Just finished "Staying On" by Paul Scott - a stand alone Novel that won him the 1978 Booker prize but really a sequal and final closing chapter in the superb Raj Quartet that I finished last week. I've reviewed it on the urban book blog - feel free to comment - http://urbanbookreview.blogspot.com/ - its a superb read even if you haven'e read the awsome Raj Quartet. Sadly Paul Scott died in 1978 - this is a superb memorial to him .


----------



## cyberfairy (Aug 31, 2005)

I'm reading 'grasshopper' by barbara vine (ruth rendall) bit of a book snob and keep the thrillers hidden under cleverer stuff but really enjoy them and this one is very well written but a bit scary and i'm sleeping on my own tonight so will be hearing murderers in the shrubbery all night long


----------



## zeask (Aug 31, 2005)

Weaveworld  by Clive Barker


----------



## spanglechick (Aug 31, 2005)

Currently Reading: Portnoy's Complaint - is a bit crap, to be honest - I loose patience with all this 60's New York stream of consciousness stuff - it's a bit "Dice Man" for my tastes.
Recently read: the latest Alexander Mc Call Smith (sneaking suspicion his books are just easy-readers for the self consciously literate, but mindlessly enjoyable, like a laura ashley sofa).
The latest Harry Potter - which I will defend to the hilt (best so far) - although probably not at book group, where I imagine it wouldn't be popular...
And the most amazing book about overeating / dieting etc, by William Leith, Called "The Hungry Years - Confessions of a Food Addict"  - which I unhesitatingly reccommend to anyone food addict or not.


----------



## I'm at work (Sep 1, 2005)

To continue reading on an Indian theme I've started Passage to India by EM Forster. I think I should have read this first then the Raj Quartet then Suitable Boy not the other way round.

Ho Hum


----------



## Donna Ferentes (Sep 1, 2005)

Ryazan said:
			
		

> You sad sad man.


You say so why? You are aware of who Basil D'Oliviera was and why his story is important?


----------



## Dubversion (Sep 1, 2005)

spanglechick said:
			
		

> Currently Reading: Portnoy's Complaint - is a bit crap, to be honest - I loose patience with all this 60's New York stream of consciousness stuff - it's a bit "Dice Man" for my tastes.



HERETIC! 

re-read this for about the 3rd time recently, and i'm still in awe of how he manages to build and maintain that almost hysterical pitch throughout, as things get more and more fucked up.. 

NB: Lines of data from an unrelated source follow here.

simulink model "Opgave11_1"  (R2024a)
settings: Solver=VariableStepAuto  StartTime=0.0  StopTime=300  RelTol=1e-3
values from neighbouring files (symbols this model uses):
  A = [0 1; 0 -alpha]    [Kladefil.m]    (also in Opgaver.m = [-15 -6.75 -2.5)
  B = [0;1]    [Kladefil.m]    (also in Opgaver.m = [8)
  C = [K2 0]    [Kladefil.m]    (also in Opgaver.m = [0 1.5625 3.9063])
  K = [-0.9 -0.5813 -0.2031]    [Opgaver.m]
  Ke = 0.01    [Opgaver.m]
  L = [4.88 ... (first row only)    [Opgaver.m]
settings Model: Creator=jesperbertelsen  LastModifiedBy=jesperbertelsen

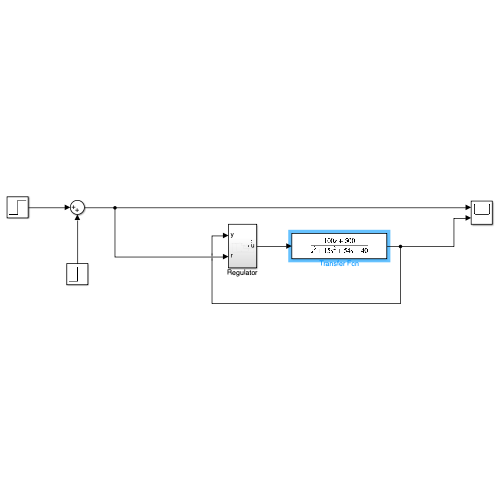
[thumbnail: Simulink's stored preview of the top-level diagram]
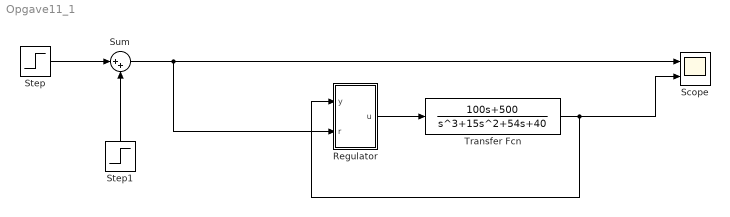
== system Opgave11_1 ==
  Regulator : Subsystem
  Scope : Scope  NumInputPorts=2
  Step : Step  After=4  SampleTime=0
  Step1 : Step  Time=40  After=4  SampleTime=0
  Sum : Sum  Inputs=|++
  Transfer Fcn : TransferFcn  Numerator=[100 500]  Denominator=[1 15 54 40]
  wires:
  Step/1 -> Sum/1
  Step1/1 -> Sum/2
  Sum/1 -> Regulator/2(r), Scope/1
  Transfer Fcn/1 -> Regulator/1(y), Scope/2
  Regulator/1(u) -> Transfer Fcn/1

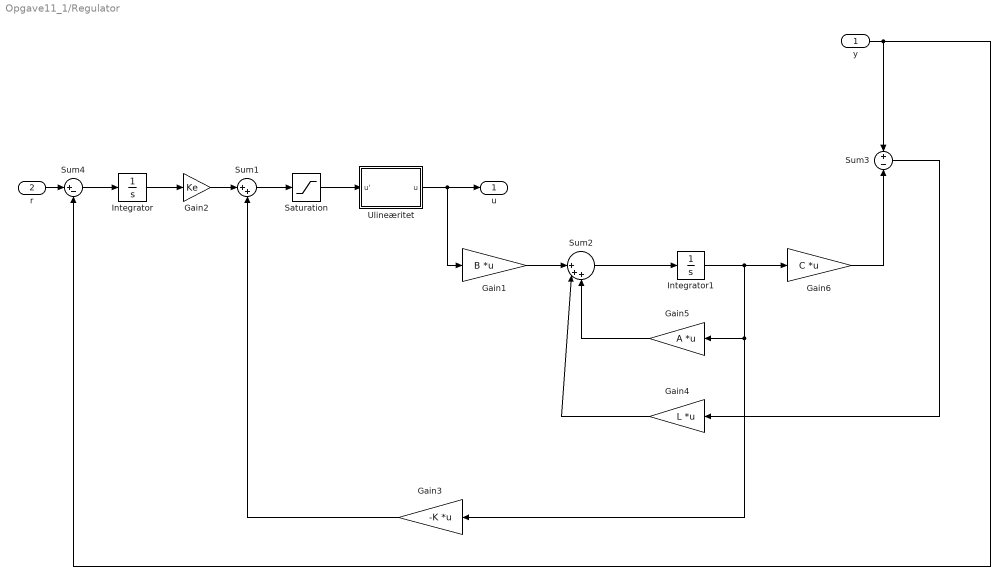
== system Opgave11_1/Regulator ==
  y : Inport
  r : Inport  Port=2
  Gain1 : Gain  Gain=B  Multiplication=Matrix(K*u)
  Gain2 : Gain  Gain=Ke
  Gain3 : Gain  Gain=-K  Multiplication=Matrix(K*u)
  Gain4 : Gain  Gain=L  Multiplication=Matrix(K*u)
  Gain5 : Gain  Gain=A  Multiplication=Matrix(K*u)
  Gain6 : Gain  Gain=C  Multiplication=Matrix(K*u)
  Integrator : Integrator
  Integrator1 : Integrator
  Saturation : Saturate  UpperLimit=1  LowerLimit=-1
  Sum1 : Sum  Inputs=|++
  Sum2 : Sum  Inputs=||+++
  Sum3 : Sum  Inputs=+|-
  Sum4 : Sum  Inputs=|+-
  Ulineæritet : Subsystem
  u : Outport
  wires:
  r/1 -> Sum4/1
  Gain5/1 -> Sum2/3
  Sum2/1 -> Integrator1/1
  Gain4/1 -> Sum2/2
  Gain6/1 -> Sum3/2
  Integrator1/1 -> Gain3/1, Gain5/1, Gain6/1
  Gain3/1 -> Sum1/2
  Sum4/1 -> Integrator/1
  y/1 -> Sum3/1, Sum4/2
  Sum3/1 -> Gain4/1
  Gain1/1 -> Sum2/1
  Sum1/1 -> Saturation/1
  Ulineæritet/1(u) -> u/1, Gain1/1
  Saturation/1 -> Ulineæritet/1(u')
  Integrator/1 -> Gain2/1
  Gain2/1 -> Sum1/1

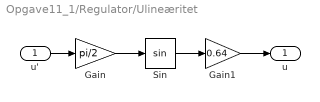
== system Opgave11_1/Regulator/Ulineæritet ==
  u' : Inport
  Gain : Gain  Gain=pi/2
  Gain1 : Gain  Gain=0.64
  Sin : Trigonometry
  u : Outport
  wires:
  u'/1 -> Gain/1
  Sin/1 -> Gain1/1
  Gain/1 -> Sin/1
  Gain1/1 -> u/1

and to compare it to The Dice Man? shudder.....


----------



## spanglechick (Sep 1, 2005)

Dubversion said:
			
		

> HERETIC!
> 
> re-read this for about the 3rd time recently, and i'm still in awe of how he manages to build and maintain that almost hysterical pitch throughout, as things get more and more fucked up..
> 
> and to compare it to The Dice Man? shudder.....



But it's so *dull!* 

I truly think most stream of consciousness writing (or writing that seems that way) is - well - masturbatory.  Fittingly enough...

... but then, what do I know?  I like Harry Potter...


----------



## Virtual Blue (Sep 1, 2005)

Jack Kerouac´s The Dharma Bums - great book apparently but another I can't get into.


----------



## Ryazan (Sep 1, 2005)

Donna Ferentes said:
			
		

> You say so why? You are aware of who Basil D'Oliviera was and why his story is important?



Cricket mate. Not that I understand the game anyway. I don't know about his life in detail, but being at the centre, or one centre at least of controversy surrounding the sporting boycott of Aparthied era South Africa, it might be quite interesting.


----------



## Donna Ferentes (Sep 1, 2005)

Well precisely.


----------



## exosculate (Sep 1, 2005)

Virtual Blue said:
			
		

> Jack Kerouac´s The Dharma Bums - great book apparently but another I can't get into.




Nice book, describing interesting things, but not a good writer in my view.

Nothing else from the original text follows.